(Recorded data)
--- --- ---

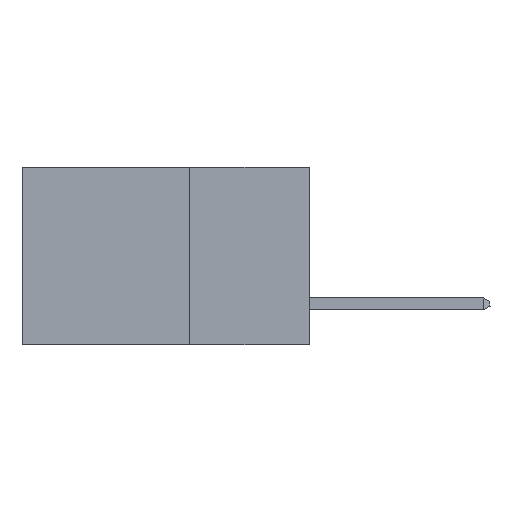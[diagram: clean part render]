
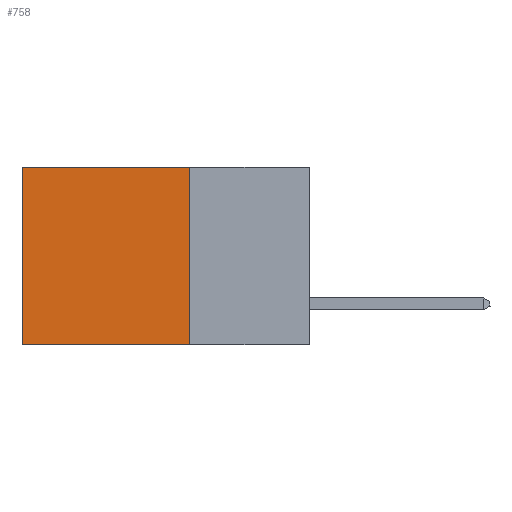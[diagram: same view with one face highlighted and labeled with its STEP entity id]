
A CAD part, left-side view. The second image highlights one B-rep face of the part: STEP entity #758.
In plain terms, the highlighted planar face has unit normal (-1, 0, 0).
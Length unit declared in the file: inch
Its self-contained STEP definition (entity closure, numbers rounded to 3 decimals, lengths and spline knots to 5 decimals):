
#326 = ORIENTED_EDGE ( 'NONE', *, *, #2407, .F. ) ;
#352 = VERTEX_POINT ( 'NONE', #2207 ) ;
#403 = CARTESIAN_POINT ( 'NONE',  ( 0.2875, 0.6, -0.37 ) ) ;
#758 = ADVANCED_FACE ( 'NONE', ( #17555 ), #6204, .F. ) ;
#1435 = VERTEX_POINT ( 'NONE', #6891 ) ;
#1757 = DIRECTION ( 'NONE',  ( 0., 0., -1. ) ) ;
#2174 = VECTOR ( 'NONE', #9789, 39.37008 ) ;
#2207 = CARTESIAN_POINT ( 'NONE',  ( 0.2875, 0.25, -0.37 ) ) ;
#2407 = EDGE_CURVE ( 'NONE', #352, #15777, #14944, .T. ) ;
#3303 = CARTESIAN_POINT ( 'NONE',  ( 0.2875, 0.25, 0. ) ) ;
#6085 = CARTESIAN_POINT ( 'NONE',  ( 0.2875, 0.25, 0. ) ) ;
#6204 = PLANE ( 'NONE',  #9492 ) ;
#6891 = CARTESIAN_POINT ( 'NONE',  ( 0.2875, 0.6, 0. ) ) ;
#6972 = LINE ( 'NONE', #3303, #2174 ) ;
#7022 = VECTOR ( 'NONE', #19555, 39.37008 ) ;
#7143 = DIRECTION ( 'NONE',  ( 0., 1., 0. ) ) ;
#7498 = EDGE_CURVE ( 'NONE', #1435, #15777, #16164, .T. ) ;
#8388 = CARTESIAN_POINT ( 'NONE',  ( 0.2875, 0.6, 0. ) ) ;
#9492 = AXIS2_PLACEMENT_3D ( 'NONE', #11681, #16072, #14426 ) ;
#9623 = CARTESIAN_POINT ( 'NONE',  ( 0.2875, 0.25, 0. ) ) ;
#9789 = DIRECTION ( 'NONE',  ( 0., 1., 0. ) ) ;
#10843 = EDGE_LOOP ( 'NONE', ( #18741, #326, #12575, #13223 ) ) ;
#11681 = CARTESIAN_POINT ( 'NONE',  ( 0.2875, 0.25, 0. ) ) ;
#12229 = VECTOR ( 'NONE', #1757, 39.37008 ) ;
#12575 = ORIENTED_EDGE ( 'NONE', *, *, #15576, .F. ) ;
#13223 = ORIENTED_EDGE ( 'NONE', *, *, #17467, .T. ) ;
#14426 = DIRECTION ( 'NONE',  ( 0., 0., -1. ) ) ;
#14427 = VERTEX_POINT ( 'NONE', #6085 ) ;
#14944 = LINE ( 'NONE', #16896, #15486 ) ;
#15486 = VECTOR ( 'NONE', #7143, 39.37008 ) ;
#15576 = EDGE_CURVE ( 'NONE', #14427, #352, #19356, .T. ) ;
#15777 = VERTEX_POINT ( 'NONE', #403 ) ;
#16072 = DIRECTION ( 'NONE',  ( 1., 0., 0. ) ) ;
#16164 = LINE ( 'NONE', #8388, #7022 ) ;
#16896 = CARTESIAN_POINT ( 'NONE',  ( 0.2875, 0.25, -0.37 ) ) ;
#17467 = EDGE_CURVE ( 'NONE', #14427, #1435, #6972, .T. ) ;
#17555 = FACE_OUTER_BOUND ( 'NONE', #10843, .T. ) ;
#18741 = ORIENTED_EDGE ( 'NONE', *, *, #7498, .T. ) ;
#19356 = LINE ( 'NONE', #9623, #12229 ) ;
#19555 = DIRECTION ( 'NONE',  ( 0., 0., -1. ) ) ;

--- --- ---

→ What the task requires
Search the entries above for the word "VECTOR" and count the lines that hold it. Reply with only that number.

→ Finished exercise
4